▶ **What to do**
From the records below, copy the lines that include "vertex".

▶ **Data to use**
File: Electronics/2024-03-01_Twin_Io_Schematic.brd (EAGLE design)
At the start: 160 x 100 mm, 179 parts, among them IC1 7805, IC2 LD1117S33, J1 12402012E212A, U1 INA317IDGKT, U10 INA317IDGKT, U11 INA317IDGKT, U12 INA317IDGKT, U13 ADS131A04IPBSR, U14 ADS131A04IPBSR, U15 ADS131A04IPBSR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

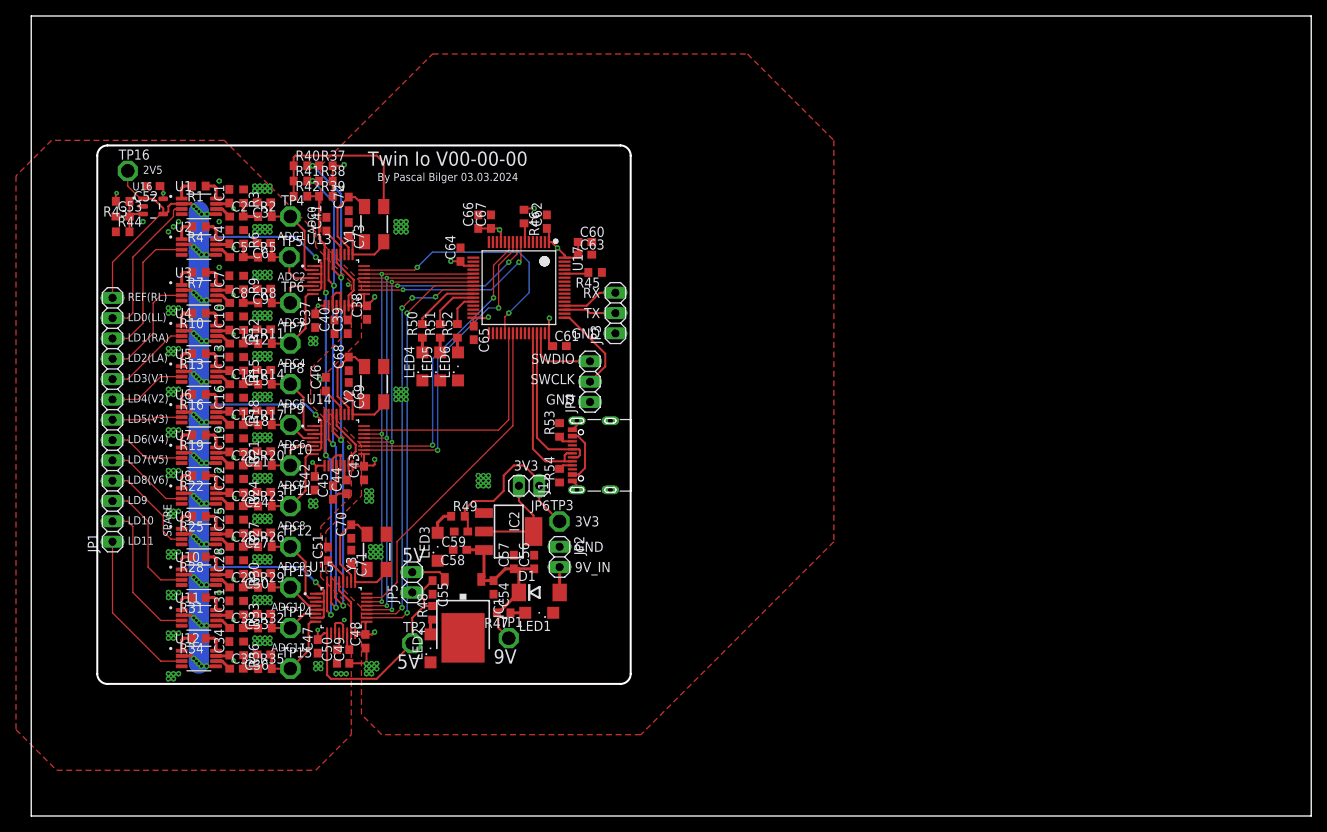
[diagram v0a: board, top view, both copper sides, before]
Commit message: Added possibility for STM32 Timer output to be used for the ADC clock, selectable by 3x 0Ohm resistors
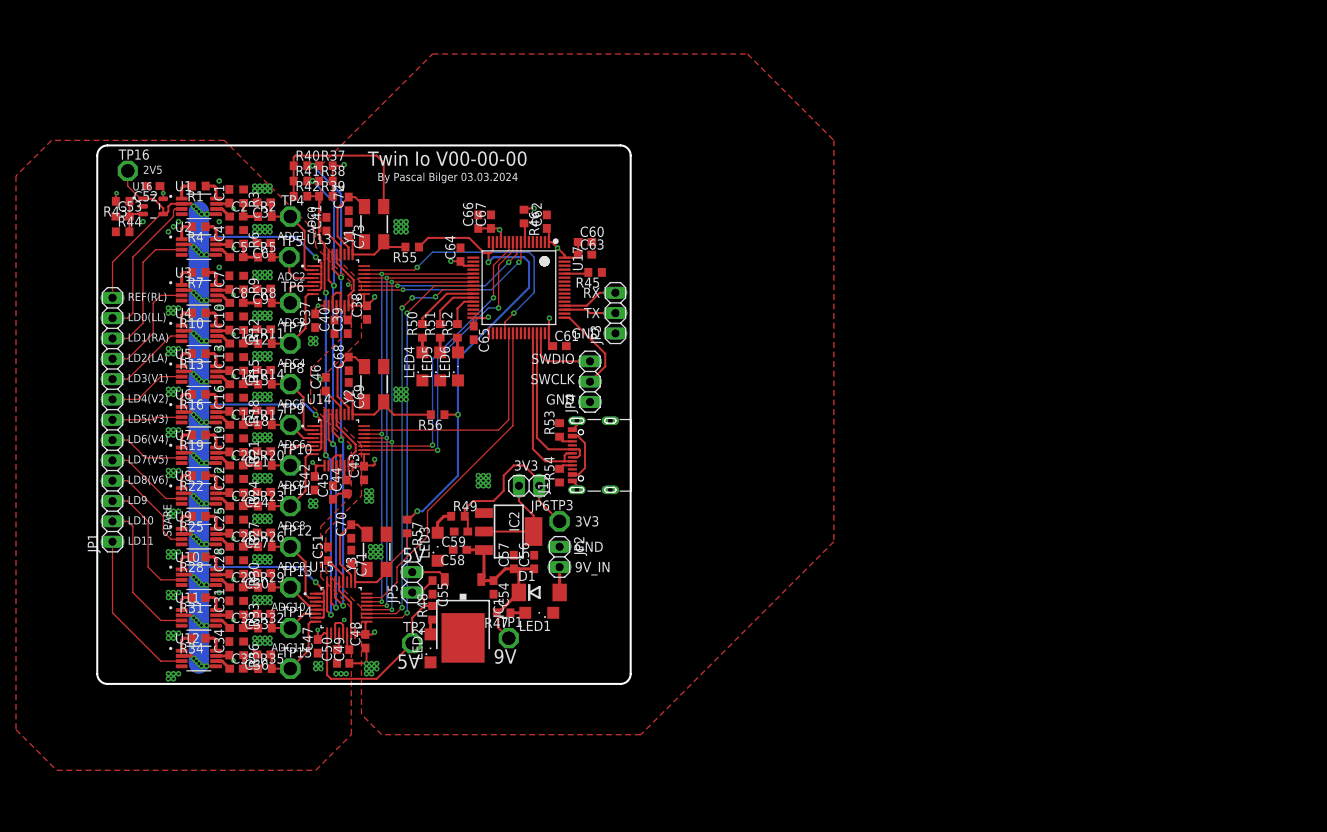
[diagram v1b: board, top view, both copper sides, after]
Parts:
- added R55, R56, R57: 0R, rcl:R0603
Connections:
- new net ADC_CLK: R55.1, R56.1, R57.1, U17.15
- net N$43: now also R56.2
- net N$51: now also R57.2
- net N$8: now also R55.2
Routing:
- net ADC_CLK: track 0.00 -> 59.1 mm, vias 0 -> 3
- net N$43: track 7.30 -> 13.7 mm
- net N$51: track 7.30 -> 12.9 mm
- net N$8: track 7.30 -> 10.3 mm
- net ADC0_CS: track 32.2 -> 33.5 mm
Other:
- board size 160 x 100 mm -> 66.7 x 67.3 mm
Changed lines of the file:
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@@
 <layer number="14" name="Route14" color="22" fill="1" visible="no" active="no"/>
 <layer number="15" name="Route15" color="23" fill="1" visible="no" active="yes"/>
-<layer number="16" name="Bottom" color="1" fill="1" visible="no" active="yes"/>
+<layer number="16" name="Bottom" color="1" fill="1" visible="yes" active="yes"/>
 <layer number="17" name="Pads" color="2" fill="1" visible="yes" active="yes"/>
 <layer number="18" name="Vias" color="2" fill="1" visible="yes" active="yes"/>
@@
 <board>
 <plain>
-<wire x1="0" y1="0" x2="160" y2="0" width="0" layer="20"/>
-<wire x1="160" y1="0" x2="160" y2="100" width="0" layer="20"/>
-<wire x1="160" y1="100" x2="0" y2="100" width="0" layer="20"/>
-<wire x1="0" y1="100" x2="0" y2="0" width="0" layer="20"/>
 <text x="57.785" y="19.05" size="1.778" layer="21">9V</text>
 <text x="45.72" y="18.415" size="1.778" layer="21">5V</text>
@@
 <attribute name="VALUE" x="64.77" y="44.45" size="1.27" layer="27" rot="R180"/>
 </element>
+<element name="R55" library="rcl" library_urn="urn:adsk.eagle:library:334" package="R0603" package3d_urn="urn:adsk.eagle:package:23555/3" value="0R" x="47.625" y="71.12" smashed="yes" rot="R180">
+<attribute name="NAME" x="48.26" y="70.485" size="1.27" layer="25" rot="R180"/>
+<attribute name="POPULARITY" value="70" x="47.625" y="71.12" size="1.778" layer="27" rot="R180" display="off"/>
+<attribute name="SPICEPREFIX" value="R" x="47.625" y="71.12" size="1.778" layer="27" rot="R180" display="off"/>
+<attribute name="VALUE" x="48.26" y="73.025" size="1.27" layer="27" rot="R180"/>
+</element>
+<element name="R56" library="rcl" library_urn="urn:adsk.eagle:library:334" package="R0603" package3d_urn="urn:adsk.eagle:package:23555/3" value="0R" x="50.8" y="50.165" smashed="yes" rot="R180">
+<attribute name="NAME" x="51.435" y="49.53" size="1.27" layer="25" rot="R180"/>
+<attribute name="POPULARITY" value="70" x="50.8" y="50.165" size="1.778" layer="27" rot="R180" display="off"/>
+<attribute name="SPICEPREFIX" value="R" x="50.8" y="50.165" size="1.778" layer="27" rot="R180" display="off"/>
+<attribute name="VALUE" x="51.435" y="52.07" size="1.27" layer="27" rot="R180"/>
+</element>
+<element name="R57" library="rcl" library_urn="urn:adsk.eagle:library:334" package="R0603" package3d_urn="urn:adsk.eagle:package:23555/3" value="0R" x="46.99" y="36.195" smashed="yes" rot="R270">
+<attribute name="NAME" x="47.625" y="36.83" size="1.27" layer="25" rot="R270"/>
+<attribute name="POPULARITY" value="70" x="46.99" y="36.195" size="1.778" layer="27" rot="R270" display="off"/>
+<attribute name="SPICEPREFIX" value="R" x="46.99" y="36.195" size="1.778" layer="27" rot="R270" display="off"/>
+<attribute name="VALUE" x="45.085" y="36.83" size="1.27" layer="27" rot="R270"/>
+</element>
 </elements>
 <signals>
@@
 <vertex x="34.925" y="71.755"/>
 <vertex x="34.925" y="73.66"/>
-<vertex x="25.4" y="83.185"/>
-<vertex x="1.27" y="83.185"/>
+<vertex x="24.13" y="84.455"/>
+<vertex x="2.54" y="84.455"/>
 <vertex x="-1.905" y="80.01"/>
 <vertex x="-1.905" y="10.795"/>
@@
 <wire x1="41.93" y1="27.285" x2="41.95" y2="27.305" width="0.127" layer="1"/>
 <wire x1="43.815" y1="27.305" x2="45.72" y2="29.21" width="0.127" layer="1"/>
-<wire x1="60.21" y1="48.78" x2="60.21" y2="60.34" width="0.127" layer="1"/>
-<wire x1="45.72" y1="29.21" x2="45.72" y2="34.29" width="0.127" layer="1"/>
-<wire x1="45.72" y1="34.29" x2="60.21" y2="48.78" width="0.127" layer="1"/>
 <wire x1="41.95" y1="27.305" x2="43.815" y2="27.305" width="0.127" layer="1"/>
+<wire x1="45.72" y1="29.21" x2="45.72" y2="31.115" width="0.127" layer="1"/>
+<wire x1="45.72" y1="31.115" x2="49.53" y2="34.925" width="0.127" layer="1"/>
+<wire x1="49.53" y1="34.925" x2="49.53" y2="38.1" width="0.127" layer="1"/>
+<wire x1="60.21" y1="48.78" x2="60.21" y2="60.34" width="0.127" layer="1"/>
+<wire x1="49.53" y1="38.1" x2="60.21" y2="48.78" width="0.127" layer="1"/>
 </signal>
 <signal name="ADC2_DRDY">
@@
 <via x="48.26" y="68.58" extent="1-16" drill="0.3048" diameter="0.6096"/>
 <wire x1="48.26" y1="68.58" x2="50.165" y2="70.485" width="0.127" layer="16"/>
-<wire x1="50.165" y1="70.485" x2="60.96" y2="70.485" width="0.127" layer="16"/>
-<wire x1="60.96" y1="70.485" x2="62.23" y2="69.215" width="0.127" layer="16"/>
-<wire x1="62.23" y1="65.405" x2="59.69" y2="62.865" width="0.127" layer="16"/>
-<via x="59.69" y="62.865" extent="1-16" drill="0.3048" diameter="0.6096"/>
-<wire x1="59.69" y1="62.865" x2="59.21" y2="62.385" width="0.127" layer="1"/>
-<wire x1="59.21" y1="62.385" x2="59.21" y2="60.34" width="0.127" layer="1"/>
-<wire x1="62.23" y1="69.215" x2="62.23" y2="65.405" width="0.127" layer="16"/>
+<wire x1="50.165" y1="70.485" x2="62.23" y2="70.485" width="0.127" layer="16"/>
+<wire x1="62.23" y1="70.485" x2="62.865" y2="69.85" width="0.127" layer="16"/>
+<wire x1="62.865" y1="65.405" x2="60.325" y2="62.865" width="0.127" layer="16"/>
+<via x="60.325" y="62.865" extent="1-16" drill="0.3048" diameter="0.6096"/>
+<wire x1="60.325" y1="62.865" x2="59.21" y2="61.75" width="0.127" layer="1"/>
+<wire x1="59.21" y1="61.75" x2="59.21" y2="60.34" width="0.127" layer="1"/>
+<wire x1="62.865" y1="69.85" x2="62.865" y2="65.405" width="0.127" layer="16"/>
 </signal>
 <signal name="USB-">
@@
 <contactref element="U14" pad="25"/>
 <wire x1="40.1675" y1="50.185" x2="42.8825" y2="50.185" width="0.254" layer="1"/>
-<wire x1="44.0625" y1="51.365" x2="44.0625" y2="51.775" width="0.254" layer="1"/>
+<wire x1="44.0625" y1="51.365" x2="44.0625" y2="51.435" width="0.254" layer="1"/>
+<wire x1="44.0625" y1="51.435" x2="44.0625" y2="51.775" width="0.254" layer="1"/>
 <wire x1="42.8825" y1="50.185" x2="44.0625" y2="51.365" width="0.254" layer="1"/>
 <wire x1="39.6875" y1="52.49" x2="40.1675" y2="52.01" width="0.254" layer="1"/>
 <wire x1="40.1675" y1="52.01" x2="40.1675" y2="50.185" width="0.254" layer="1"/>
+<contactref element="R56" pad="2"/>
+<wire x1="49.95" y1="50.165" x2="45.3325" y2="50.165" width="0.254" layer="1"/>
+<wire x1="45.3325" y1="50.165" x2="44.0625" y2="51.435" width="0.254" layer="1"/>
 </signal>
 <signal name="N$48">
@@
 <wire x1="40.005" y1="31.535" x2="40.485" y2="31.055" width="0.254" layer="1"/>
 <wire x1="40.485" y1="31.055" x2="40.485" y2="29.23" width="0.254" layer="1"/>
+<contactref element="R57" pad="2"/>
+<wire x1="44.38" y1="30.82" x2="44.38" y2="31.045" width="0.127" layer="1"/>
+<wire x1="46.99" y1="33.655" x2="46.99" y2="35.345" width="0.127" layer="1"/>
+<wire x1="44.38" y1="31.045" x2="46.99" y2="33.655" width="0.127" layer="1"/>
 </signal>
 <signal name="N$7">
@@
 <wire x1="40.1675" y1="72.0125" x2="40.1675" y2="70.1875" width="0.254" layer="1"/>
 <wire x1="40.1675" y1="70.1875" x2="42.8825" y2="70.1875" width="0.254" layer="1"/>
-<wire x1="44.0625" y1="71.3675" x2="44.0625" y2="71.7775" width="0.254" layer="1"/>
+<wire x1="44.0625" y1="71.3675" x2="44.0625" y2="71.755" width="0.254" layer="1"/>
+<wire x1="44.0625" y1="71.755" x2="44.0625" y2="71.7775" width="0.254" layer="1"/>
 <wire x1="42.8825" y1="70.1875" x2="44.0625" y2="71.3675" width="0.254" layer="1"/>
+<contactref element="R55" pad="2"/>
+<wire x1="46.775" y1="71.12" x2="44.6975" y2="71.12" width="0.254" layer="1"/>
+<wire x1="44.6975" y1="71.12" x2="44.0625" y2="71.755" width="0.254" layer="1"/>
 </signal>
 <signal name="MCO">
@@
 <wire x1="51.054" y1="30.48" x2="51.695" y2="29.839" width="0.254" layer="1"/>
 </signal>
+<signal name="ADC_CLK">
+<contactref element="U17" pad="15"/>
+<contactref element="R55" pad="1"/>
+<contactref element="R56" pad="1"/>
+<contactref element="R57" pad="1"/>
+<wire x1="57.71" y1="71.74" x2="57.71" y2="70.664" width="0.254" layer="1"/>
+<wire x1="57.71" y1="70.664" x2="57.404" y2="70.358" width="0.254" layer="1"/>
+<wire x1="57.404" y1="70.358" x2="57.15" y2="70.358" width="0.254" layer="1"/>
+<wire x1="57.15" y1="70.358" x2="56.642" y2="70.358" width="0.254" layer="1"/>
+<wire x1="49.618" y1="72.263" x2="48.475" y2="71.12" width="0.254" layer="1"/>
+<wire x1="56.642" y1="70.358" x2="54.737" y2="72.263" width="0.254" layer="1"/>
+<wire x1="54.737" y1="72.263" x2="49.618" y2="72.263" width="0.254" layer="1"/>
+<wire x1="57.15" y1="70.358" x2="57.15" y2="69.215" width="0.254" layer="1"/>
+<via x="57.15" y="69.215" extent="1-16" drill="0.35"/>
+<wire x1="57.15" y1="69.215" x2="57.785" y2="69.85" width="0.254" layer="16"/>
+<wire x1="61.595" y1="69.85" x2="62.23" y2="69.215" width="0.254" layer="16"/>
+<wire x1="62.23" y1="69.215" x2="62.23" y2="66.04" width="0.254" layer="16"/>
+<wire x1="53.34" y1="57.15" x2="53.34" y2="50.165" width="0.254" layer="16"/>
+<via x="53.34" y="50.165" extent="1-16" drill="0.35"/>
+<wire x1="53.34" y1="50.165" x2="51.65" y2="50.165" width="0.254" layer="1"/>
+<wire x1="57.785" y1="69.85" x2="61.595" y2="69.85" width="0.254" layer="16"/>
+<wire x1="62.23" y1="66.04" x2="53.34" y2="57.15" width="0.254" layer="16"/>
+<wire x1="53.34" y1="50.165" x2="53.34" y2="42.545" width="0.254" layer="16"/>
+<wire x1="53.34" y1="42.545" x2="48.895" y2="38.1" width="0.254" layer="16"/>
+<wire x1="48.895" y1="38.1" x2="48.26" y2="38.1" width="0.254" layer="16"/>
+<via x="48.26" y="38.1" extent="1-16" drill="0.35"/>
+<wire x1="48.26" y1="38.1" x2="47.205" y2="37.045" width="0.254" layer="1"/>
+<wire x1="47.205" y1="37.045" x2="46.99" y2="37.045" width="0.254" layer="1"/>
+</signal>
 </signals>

▶ **Answer for this exercise**
 <vertex x="34.925" y="71.755"/>
 <vertex x="34.925" y="73.66"/>
-<vertex x="25.4" y="83.185"/>
-<vertex x="1.27" y="83.185"/>
+<vertex x="24.13" y="84.455"/>
+<vertex x="2.54" y="84.455"/>
 <vertex x="-1.905" y="80.01"/>
 <vertex x="-1.905" y="10.795"/>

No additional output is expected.